Taylor Fourcade never got a chance to score a touchdown like his younger brother Chase, Rummel’s junior quarterback.
He never got the opportunity to see what it feels like to sack a quarterback like his father Keith did back in the day at Shaw and later at Ole Miss.
And he never got to throw a game-winning touchdown like his uncle John, who played at Ole Miss and later for the New Orleans Saints.
Cerebral palsy prevented Taylor Fourcade from doing any of that.
But it hasn’t stopped the 21-year-old from pursuing his passion: football.
Fourcade is in his first year helping as an assistant coach at Rummel.

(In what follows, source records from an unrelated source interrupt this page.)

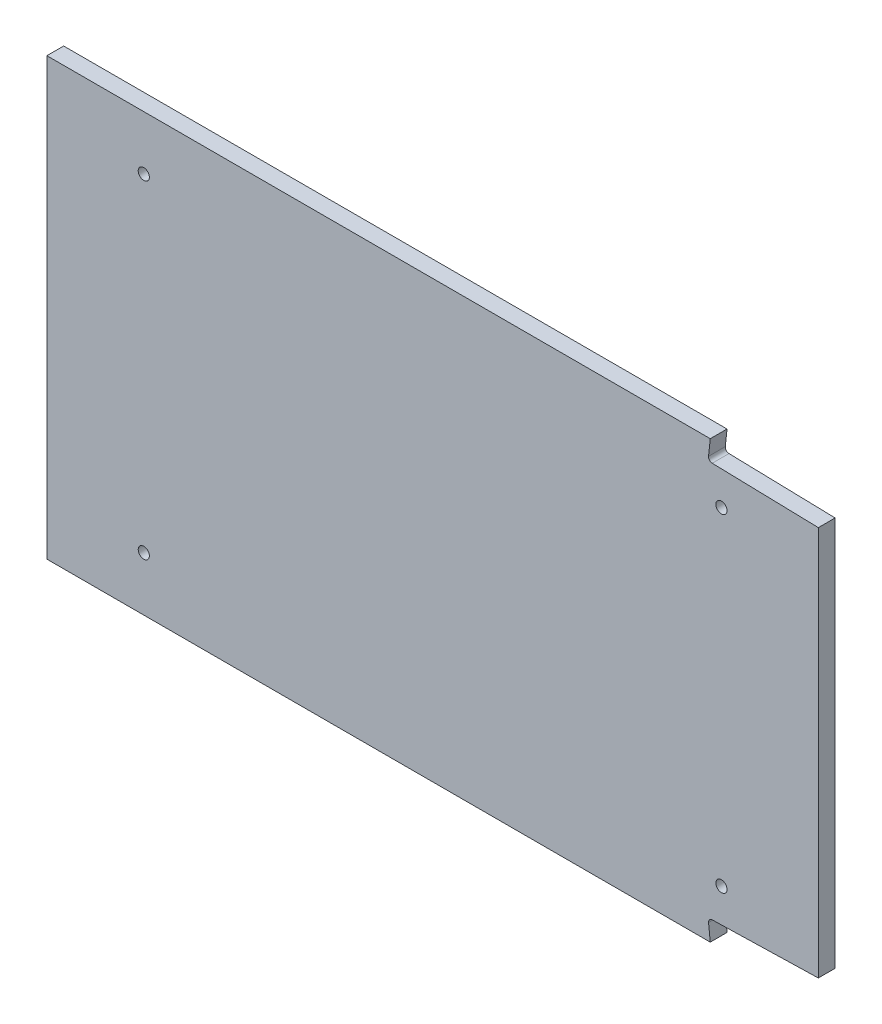
ISO-10303-21;
HEADER;
FILE_DESCRIPTION(('STEP AP214'),'2;1');
FILE_NAME('part.step','',(''),(''),'','','');
FILE_SCHEMA(('AUTOMOTIVE_DESIGN { 1 0 10303 214 1 1 1 1 }'));
ENDSEC;
DATA;
#1=APPLICATION_CONTEXT('core data for automotive mechanical design processes');
#2=APPLICATION_PROTOCOL_DEFINITION('international standard','automotive_design',2000,#1);
#3=PRODUCT_CONTEXT('',#1,'mechanical');
#4=PRODUCT('Part','Part','',(#3));
#5=PRODUCT_RELATED_PRODUCT_CATEGORY('part','',(#4));
#6=PRODUCT_DEFINITION_FORMATION('','',#4);
#7=PRODUCT_DEFINITION_CONTEXT('part definition',#1,'design');
#8=PRODUCT_DEFINITION('design','',#6,#7);
#9=PRODUCT_DEFINITION_SHAPE('','',#8);
#10=(LENGTH_UNIT() NAMED_UNIT(*) SI_UNIT(.MILLI.,.METRE.));
#11=(NAMED_UNIT(*) PLANE_ANGLE_UNIT() SI_UNIT($,.RADIAN.));
#12=(NAMED_UNIT(*) SI_UNIT($,.STERADIAN.) SOLID_ANGLE_UNIT());
#13=UNCERTAINTY_MEASURE_WITH_UNIT(LENGTH_MEASURE(1.E-05),#10,'distance_accuracy_value','');
#14=(GEOMETRIC_REPRESENTATION_CONTEXT(3) GLOBAL_UNCERTAINTY_ASSIGNED_CONTEXT((#13)) GLOBAL_UNIT_ASSIGNED_CONTEXT((#10,
#11,#12)) REPRESENTATION_CONTEXT('',''));
#15=CARTESIAN_POINT('',(0.,0.,0.));
#16=DIRECTION('',(0.,0.,1.));
#17=DIRECTION('',(1.,0.,0.));
#18=AXIS2_PLACEMENT_3D('',#15,#16,#17);
#19=CARTESIAN_POINT('',(103.5,-58.5,4.5));
#20=DIRECTION('',(0.,1.,0.));
#21=DIRECTION('',(-1.,0.,0.));
#22=AXIS2_PLACEMENT_3D('',#19,#20,#21);
#23=PLANE('',#22);
#24=DIRECTION('',(0.,0.,1.));
#25=VECTOR('',#24,1.);
#26=CARTESIAN_POINT('',(74.502602410156,-58.5,-0.00100000000000013));
#27=LINE('',#26,#25);
#28=CARTESIAN_POINT('',(74.502602410156,-58.5,0.));
#29=VERTEX_POINT('',#28);
#30=CARTESIAN_POINT('',(74.502602410156,-58.5,4.5));
#31=VERTEX_POINT('',#30);
#32=EDGE_CURVE('E115',#29,#31,#27,.T.);
#33=ORIENTED_EDGE('',*,*,#32,.T.);
#34=DIRECTION('',(1.,0.,0.));
#35=VECTOR('',#34,1.);
#36=CARTESIAN_POINT('',(103.5,-58.5,4.5));
#37=LINE('',#36,#35);
#38=CARTESIAN_POINT('',(-103.5,-58.5,4.5));
#39=VERTEX_POINT('',#38);
#40=EDGE_CURVE('E167',#39,#31,#37,.T.);
#41=ORIENTED_EDGE('',*,*,#40,.F.);
#42=DIRECTION('',(0.,0.,-1.));
#43=VECTOR('',#42,1.);
#44=CARTESIAN_POINT('',(-103.5,-58.5,4.5));
#45=LINE('',#44,#43);
#46=CARTESIAN_POINT('',(-103.5,-58.5,0.));
#47=VERTEX_POINT('',#46);
#48=EDGE_CURVE('E11',#39,#47,#45,.T.);
#49=ORIENTED_EDGE('',*,*,#48,.T.);
#50=DIRECTION('',(1.,0.,0.));
#51=VECTOR('',#50,1.);
#52=CARTESIAN_POINT('',(103.5,-58.5,0.));
#53=LINE('',#52,#51);
#54=EDGE_CURVE('E132',#47,#29,#53,.T.);
#55=ORIENTED_EDGE('',*,*,#54,.T.);
#56=EDGE_LOOP('',(#33,#41,#49,#55));
#57=FACE_BOUND('',#56,.T.);
#58=ADVANCED_FACE('F38',(#57),#23,.F.);
#59=CARTESIAN_POINT('',(103.5,-58.5,4.5));
#60=DIRECTION('',(-1.,0.,0.));
#61=DIRECTION('',(0.,0.,1.));
#62=AXIS2_PLACEMENT_3D('',#59,#60,#61);
#63=PLANE('',#62);
#64=DIRECTION('',(0.,0.,1.));
#65=VECTOR('',#64,1.);
#66=CARTESIAN_POINT('',(103.5,-52.3309475959821,-0.00100000000000013));
#67=LINE('',#66,#65);
#68=CARTESIAN_POINT('',(103.5,-52.3309475959821,0.));
#69=VERTEX_POINT('',#68);
#70=CARTESIAN_POINT('',(103.5,-52.3309475959821,4.5));
#71=VERTEX_POINT('',#70);
#72=EDGE_CURVE('E239',#69,#71,#67,.T.);
#73=ORIENTED_EDGE('',*,*,#72,.F.);
#74=DIRECTION('',(0.,1.,0.));
#75=VECTOR('',#74,1.);
#76=CARTESIAN_POINT('',(103.5,-58.5,0.));
#77=LINE('',#76,#75);
#78=CARTESIAN_POINT('',(103.5,52.3309475959821,0.));
#79=VERTEX_POINT('',#78);
#80=EDGE_CURVE('E141',#69,#79,#77,.T.);
#81=ORIENTED_EDGE('',*,*,#80,.T.);
#82=DIRECTION('',(0.,0.,1.));
#83=VECTOR('',#82,1.);
#84=CARTESIAN_POINT('',(103.5,52.3309475959821,-0.00100000000000013));
#85=LINE('',#84,#83);
#86=CARTESIAN_POINT('',(103.5,52.3309475959821,4.5));
#87=VERTEX_POINT('',#86);
#88=EDGE_CURVE('E208',#79,#87,#85,.T.);
#89=ORIENTED_EDGE('',*,*,#88,.T.);
#90=DIRECTION('',(0.,1.,0.));
#91=VECTOR('',#90,1.);
#92=CARTESIAN_POINT('',(103.5,-58.5,4.5));
#93=LINE('',#92,#91);
#94=EDGE_CURVE('E161',#71,#87,#93,.T.);
#95=ORIENTED_EDGE('',*,*,#94,.F.);
#96=EDGE_LOOP('',(#73,#81,#89,#95));
#97=FACE_BOUND('',#96,.T.);
#98=ADVANCED_FACE('F265',(#97),#63,.F.);
#99=CARTESIAN_POINT('',(0.,0.,4.5));
#100=DIRECTION('',(0.,0.,1.));
#101=DIRECTION('',(1.,0.,0.));
#102=AXIS2_PLACEMENT_3D('',#99,#100,#101);
#103=PLANE('',#102);
#104=CARTESIAN_POINT('',(77.5,-44.,4.5));
#105=DIRECTION('',(0.,0.,1.));
#106=DIRECTION('',(-1.,0.,0.));
#107=AXIS2_PLACEMENT_3D('',#104,#105,#106);
#108=CIRCLE('',#107,1.5);
#109=CARTESIAN_POINT('',(76.,-44.,4.5));
#110=VERTEX_POINT('',#109);
#111=EDGE_CURVE('E198',#110,#110,#108,.T.);
#112=ORIENTED_EDGE('',*,*,#111,.F.);
#113=EDGE_LOOP('',(#112));
#114=FACE_BOUND('',#113,.T.);
#115=CARTESIAN_POINT('',(-77.5,-44.,4.5));
#116=DIRECTION('',(0.,0.,-1.));
#117=DIRECTION('',(1.,0.,0.));
#118=AXIS2_PLACEMENT_3D('',#115,#116,#117);
#119=CIRCLE('',#118,1.5);
#120=CARTESIAN_POINT('',(-76.,-44.,4.5));
#121=VERTEX_POINT('',#120);
#122=EDGE_CURVE('E190',#121,#121,#119,.T.);
#123=ORIENTED_EDGE('',*,*,#122,.T.);
#124=EDGE_LOOP('',(#123));
#125=FACE_BOUND('',#124,.T.);
#126=CARTESIAN_POINT('',(77.5,44.,4.5));
#127=DIRECTION('',(0.,0.,-1.));
#128=DIRECTION('',(-1.,0.,0.));
#129=AXIS2_PLACEMENT_3D('',#126,#127,#128);
#130=CIRCLE('',#129,1.5);
#131=CARTESIAN_POINT('',(76.,44.,4.5));
#132=VERTEX_POINT('',#131);
#133=EDGE_CURVE('E182',#132,#132,#130,.T.);
#134=ORIENTED_EDGE('',*,*,#133,.T.);
#135=EDGE_LOOP('',(#134));
#136=FACE_BOUND('',#135,.T.);
#137=CARTESIAN_POINT('',(-77.5,44.,4.5));
#138=DIRECTION('',(0.,0.,1.));
#139=DIRECTION('',(1.,0.,0.));
#140=AXIS2_PLACEMENT_3D('',#137,#138,#139);
#141=CIRCLE('',#140,1.5);
#142=CARTESIAN_POINT('',(-76.,44.,4.5));
#143=VERTEX_POINT('',#142);
#144=EDGE_CURVE('E174',#143,#143,#141,.T.);
#145=ORIENTED_EDGE('',*,*,#144,.F.);
#146=EDGE_LOOP('',(#145));
#147=FACE_BOUND('',#146,.T.);
#148=ORIENTED_EDGE('',*,*,#40,.T.);
#149=DIRECTION('',(-0.106020446085351,0.994363949975995,0.));
#150=VECTOR('',#149,1.);
#151=CARTESIAN_POINT('',(74.502602410156,-58.5,4.5));
#152=LINE('',#151,#150);
#153=CARTESIAN_POINT('',(74.0418255120726,-54.1783813561109,4.5));
#154=VERTEX_POINT('',#153);
#155=EDGE_CURVE('E121',#31,#154,#152,.T.);
#156=ORIENTED_EDGE('',*,*,#155,.T.);
#157=CARTESIAN_POINT('',(75.0509354151962,-54.070788676307,4.5));
#158=DIRECTION('',(0.,0.,-1.));
#159=DIRECTION('',(1.,0.,0.));
#160=AXIS2_PLACEMENT_3D('',#157,#158,#159);
#161=CIRCLE('',#160,1.01482953313816);
#162=CARTESIAN_POINT('',(75.0250930692009,-53.0562882305295,4.5));
#163=VERTEX_POINT('',#162);
#164=EDGE_CURVE('E248',#154,#163,#161,.T.);
#165=ORIENTED_EDGE('',*,*,#164,.T.);
#166=DIRECTION('',(0.999675721537608,0.0254647161433701,0.));
#167=VECTOR('',#166,1.);
#168=CARTESIAN_POINT('',(75.0250930692009,-53.0562882305295,4.5));
#169=LINE('',#168,#167);
#170=EDGE_CURVE('E136',#163,#71,#169,.T.);
#171=ORIENTED_EDGE('',*,*,#170,.T.);
#172=ORIENTED_EDGE('',*,*,#94,.T.);
#173=DIRECTION('',(0.999675721537608,-0.0254647161433701,0.));
#174=VECTOR('',#173,1.);
#175=CARTESIAN_POINT('',(75.0250930692009,53.0562882305295,4.5));
#176=LINE('',#175,#174);
#177=CARTESIAN_POINT('',(75.0250930692009,53.0562882305295,4.5));
#178=VERTEX_POINT('',#177);
#179=EDGE_CURVE('E213',#178,#87,#176,.T.);
#180=ORIENTED_EDGE('',*,*,#179,.F.);
#181=CARTESIAN_POINT('',(75.0509354151962,54.070788676307,4.5));
#182=DIRECTION('',(0.,0.,1.));
#183=DIRECTION('',(1.,0.,0.));
#184=AXIS2_PLACEMENT_3D('',#181,#182,#183);
#185=CIRCLE('',#184,1.01482953313816);
#186=CARTESIAN_POINT('',(74.0418255120726,54.1783813561109,4.5));
#187=VERTEX_POINT('',#186);
#188=EDGE_CURVE('E225',#187,#178,#185,.T.);
#189=ORIENTED_EDGE('',*,*,#188,.F.);
#190=DIRECTION('',(-0.106020446085351,-0.994363949975995,0.));
#191=VECTOR('',#190,1.);
#192=CARTESIAN_POINT('',(74.502602410156,58.5,4.5));
#193=LINE('',#192,#191);
#194=CARTESIAN_POINT('',(74.502602410156,58.5,4.5));
#195=VERTEX_POINT('',#194);
#196=EDGE_CURVE('E229',#195,#187,#193,.T.);
#197=ORIENTED_EDGE('',*,*,#196,.F.);
#198=DIRECTION('',(-1.,0.,0.));
#199=VECTOR('',#198,1.);
#200=CARTESIAN_POINT('',(103.5,58.5,4.5));
#201=LINE('',#200,#199);
#202=CARTESIAN_POINT('',(-103.5,58.5,4.5));
#203=VERTEX_POINT('',#202);
#204=EDGE_CURVE('E156',#195,#203,#201,.T.);
#205=ORIENTED_EDGE('',*,*,#204,.T.);
#206=DIRECTION('',(0.,-1.,0.));
#207=VECTOR('',#206,1.);
#208=CARTESIAN_POINT('',(-103.5,-58.5,4.5));
#209=LINE('',#208,#207);
#210=EDGE_CURVE('E153',#203,#39,#209,.T.);
#211=ORIENTED_EDGE('',*,*,#210,.T.);
#212=EDGE_LOOP('',(#148,#156,#165,#171,#172,#180,#189,#197,#205,#211));
#213=FACE_BOUND('',#212,.T.);
#214=ADVANCED_FACE('F268',(#114,#125,#136,#147,#213),#103,.T.);
#215=CARTESIAN_POINT('',(0.,0.,0.));
#216=DIRECTION('',(0.,0.,1.));
#217=DIRECTION('',(1.,0.,0.));
#218=AXIS2_PLACEMENT_3D('',#215,#216,#217);
#219=PLANE('',#218);
#220=CARTESIAN_POINT('',(-77.5,44.,0.));
#221=DIRECTION('',(0.,0.,1.));
#222=DIRECTION('',(1.,0.,0.));
#223=AXIS2_PLACEMENT_3D('',#220,#221,#222);
#224=CIRCLE('',#223,1.5);
#225=CARTESIAN_POINT('',(-76.,44.,0.));
#226=VERTEX_POINT('',#225);
#227=EDGE_CURVE('E148',#226,#226,#224,.T.);
#228=ORIENTED_EDGE('',*,*,#227,.T.);
#229=EDGE_LOOP('',(#228));
#230=FACE_BOUND('',#229,.T.);
#231=CARTESIAN_POINT('',(77.5,44.,0.));
#232=DIRECTION('',(0.,0.,-1.));
#233=DIRECTION('',(-1.,0.,0.));
#234=AXIS2_PLACEMENT_3D('',#231,#232,#233);
#235=CIRCLE('',#234,1.5);
#236=CARTESIAN_POINT('',(76.,44.,0.));
#237=VERTEX_POINT('',#236);
#238=EDGE_CURVE('E178',#237,#237,#235,.T.);
#239=ORIENTED_EDGE('',*,*,#238,.F.);
#240=EDGE_LOOP('',(#239));
#241=FACE_BOUND('',#240,.T.);
#242=CARTESIAN_POINT('',(-77.5,-44.,0.));
#243=DIRECTION('',(0.,0.,-1.));
#244=DIRECTION('',(1.,0.,0.));
#245=AXIS2_PLACEMENT_3D('',#242,#243,#244);
#246=CIRCLE('',#245,1.5);
#247=CARTESIAN_POINT('',(-76.,-44.,0.));
#248=VERTEX_POINT('',#247);
#249=EDGE_CURVE('E186',#248,#248,#246,.T.);
#250=ORIENTED_EDGE('',*,*,#249,.F.);
#251=EDGE_LOOP('',(#250));
#252=FACE_BOUND('',#251,.T.);
#253=CARTESIAN_POINT('',(77.5,-44.,0.));
#254=DIRECTION('',(0.,0.,1.));
#255=DIRECTION('',(-1.,0.,0.));
#256=AXIS2_PLACEMENT_3D('',#253,#254,#255);
#257=CIRCLE('',#256,1.5);
#258=CARTESIAN_POINT('',(76.,-44.,0.));
#259=VERTEX_POINT('',#258);
#260=EDGE_CURVE('E194',#259,#259,#257,.T.);
#261=ORIENTED_EDGE('',*,*,#260,.T.);
#262=EDGE_LOOP('',(#261));
#263=FACE_BOUND('',#262,.T.);
#264=DIRECTION('',(0.106020446085351,-0.994363949975995,0.));
#265=VECTOR('',#264,1.);
#266=CARTESIAN_POINT('',(74.502602410156,-58.5,0.));
#267=LINE('',#266,#265);
#268=CARTESIAN_POINT('',(74.0418255120726,-54.1783813561109,0.));
#269=VERTEX_POINT('',#268);
#270=EDGE_CURVE('E118',#269,#29,#267,.T.);
#271=ORIENTED_EDGE('',*,*,#270,.T.);
#272=ORIENTED_EDGE('',*,*,#54,.F.);
#273=DIRECTION('',(0.,-1.,0.));
#274=VECTOR('',#273,1.);
#275=CARTESIAN_POINT('',(-103.5,-58.5,0.));
#276=LINE('',#275,#274);
#277=CARTESIAN_POINT('',(-103.5,58.5,0.));
#278=VERTEX_POINT('',#277);
#279=EDGE_CURVE('E142',#278,#47,#276,.T.);
#280=ORIENTED_EDGE('',*,*,#279,.F.);
#281=DIRECTION('',(-1.,0.,0.));
#282=VECTOR('',#281,1.);
#283=CARTESIAN_POINT('',(103.5,58.5,0.));
#284=LINE('',#283,#282);
#285=CARTESIAN_POINT('',(74.502602410156,58.5,0.));
#286=VERTEX_POINT('',#285);
#287=EDGE_CURVE('E146',#286,#278,#284,.T.);
#288=ORIENTED_EDGE('',*,*,#287,.F.);
#289=DIRECTION('',(0.106020446085351,0.994363949975995,0.));
#290=VECTOR('',#289,1.);
#291=CARTESIAN_POINT('',(74.502602410156,58.5,0.));
#292=LINE('',#291,#290);
#293=CARTESIAN_POINT('',(74.0418255120726,54.1783813561109,0.));
#294=VERTEX_POINT('',#293);
#295=EDGE_CURVE('E202',#294,#286,#292,.T.);
#296=ORIENTED_EDGE('',*,*,#295,.F.);
#297=CARTESIAN_POINT('',(75.0509354151962,54.070788676307,0.));
#298=DIRECTION('',(0.,0.,1.));
#299=DIRECTION('',(1.,0.,0.));
#300=AXIS2_PLACEMENT_3D('',#297,#298,#299);
#301=CIRCLE('',#300,1.01482953313816);
#302=CARTESIAN_POINT('',(75.0250930692009,53.0562882305295,0.));
#303=VERTEX_POINT('',#302);
#304=EDGE_CURVE('E62',#303,#294,#301,.F.);
#305=ORIENTED_EDGE('',*,*,#304,.F.);
#306=DIRECTION('',(-0.999675721537608,0.0254647161433701,0.));
#307=VECTOR('',#306,1.);
#308=CARTESIAN_POINT('',(75.0250930692009,53.0562882305295,0.));
#309=LINE('',#308,#307);
#310=EDGE_CURVE('E233',#79,#303,#309,.T.);
#311=ORIENTED_EDGE('',*,*,#310,.F.);
#312=ORIENTED_EDGE('',*,*,#80,.F.);
#313=DIRECTION('',(-0.999675721537608,-0.0254647161433701,0.));
#314=VECTOR('',#313,1.);
#315=CARTESIAN_POINT('',(75.0250930692009,-53.0562882305295,0.));
#316=LINE('',#315,#314);
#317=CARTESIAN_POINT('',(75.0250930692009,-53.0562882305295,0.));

“It brings tears to my eyes,” said Keith Fourcade, Taylor’s dad. “I remember when he was 4 or 5 years old and he asked me if he would ever be able to walk. I told him there would be some things he could do that other people can’t, and there would be some things other people can do that he can’t. But because you are in this wheelchair doesn’t mean you can’t do other things.”
So Taylor is doing the next best thing.
Fourcade isn’t just some coach in name who shows up just on game day.
He’s at every practice, learning the game that runs deep in those Fourcade veins.
“Coming from a football family, I always wanted to be a part of it,” Taylor said. “It’s awesome. I’m learning a lot from (head) coach Jay Roth and (offensive line) coach Lee (Roussel).”
Among the things he said he’s learned in his first year are “how to run a practice, how to communicate with the players, and how to break down film.”
On Saturday, he sat in a section near the end zone of Yenni Stadium, safely tucked away from the chaos of the sideline, and watched Rummel beat Teaurlings Catholic 28-20 in the quarterfinals of the Division I playoffs.
The guy who Rummel players simply call “Coach T” was all smiles afterwards.
“We blocked well and the defense played well,” said Taylor, who helps with the offensive line.
It was that offensive line that helped Rummel rack up 329 rushing yards Saturday. It was Taylor’s younger brother, Chase, who got a big chunk of those yards, rushing 12 times for 110 yards as the Raiders won their 17th consecutive game.
Credit the offensive line for opening the holes.
But credit Taylor Fourcade for Chase’s inspiration.
“He is the reason why I play,” Chase said. “If he wasn’t in that wheelchair, he would be doing just what I am doing. He is my brother, he’s my mentor. I look up to him. I love him.”
Taylor doesn’t mind giving his little brother pointers during practice.
“It was weird at first, but I got used to it,” Taylor said. “I still have to get onto him sometimes when he isn’t stepping into his throws.”
But while Taylor teaches, he is also learning.
And he is getting to do so from a coaching staff that is going for its third consecutive state title.
The idea came about in the spring as Taylor Fourcade and Roussel talked about the possibilities.
“I would have been a Grinch if I didn’t allow it,” Roth said. “Now I am so glad I did. Taylor is learning football. He doesn’t miss a practice and he is not late. He knows what’s going on and is very knowledgeable.”
He was dedicated during the summer when he constantly met with Roussel, the O-line coach. The questions he asked in those meetings let Roussel know that Taylor knew his stuff.
“He is a blessing to us,” Roussel said. “The kids respect him.”
It helps that Coach T is always wearing that smile.
“It’s tough to complain if you are a player and you see him come out there, always with a smile on his face,” Roussel said. “He never complains about anything. He has every right to, but he doesn’t. He is a guy who loves the game of football, but can never play it. But he is doing what he can with the game as a coach and he is a good one.”
He’s also an inspiration at home.
Jill Fourcade, Chase and Taylor’s mom, refers to Taylor as “the rock of the family.”
“He just makes everything easy because of who is and how he is,” she said. “He doesn’t view it as a handicap at all.”
Taylor, who was an honor student at East Jefferson, is now a student at Delgado Community College, where he is studying business. But his desire is to coach, something he has always done while helping his father in recreational leagues.
“He just wanted somebody to give him a shot,” his father said. “He feels included now. People don’t look at him as a guy in a wheelchair. They look at him as a guy who overcame adversity. Football is his passion. Being around this atmosphere, being around the team, being around his brother, it’s very rewarding.”
Now he wants the ultimate reward: a state title. He was in the Mercedes-Benz Superdome last year when his alma mater East Jefferson captured the Class 4A state title. He was also there when his little brother helped Rummel win the Division I crown.
Now he would like to win a ring of his own.
With Rummel now just two games away from a title, there’s a chance.
And a chance is all Coach T ever wanted.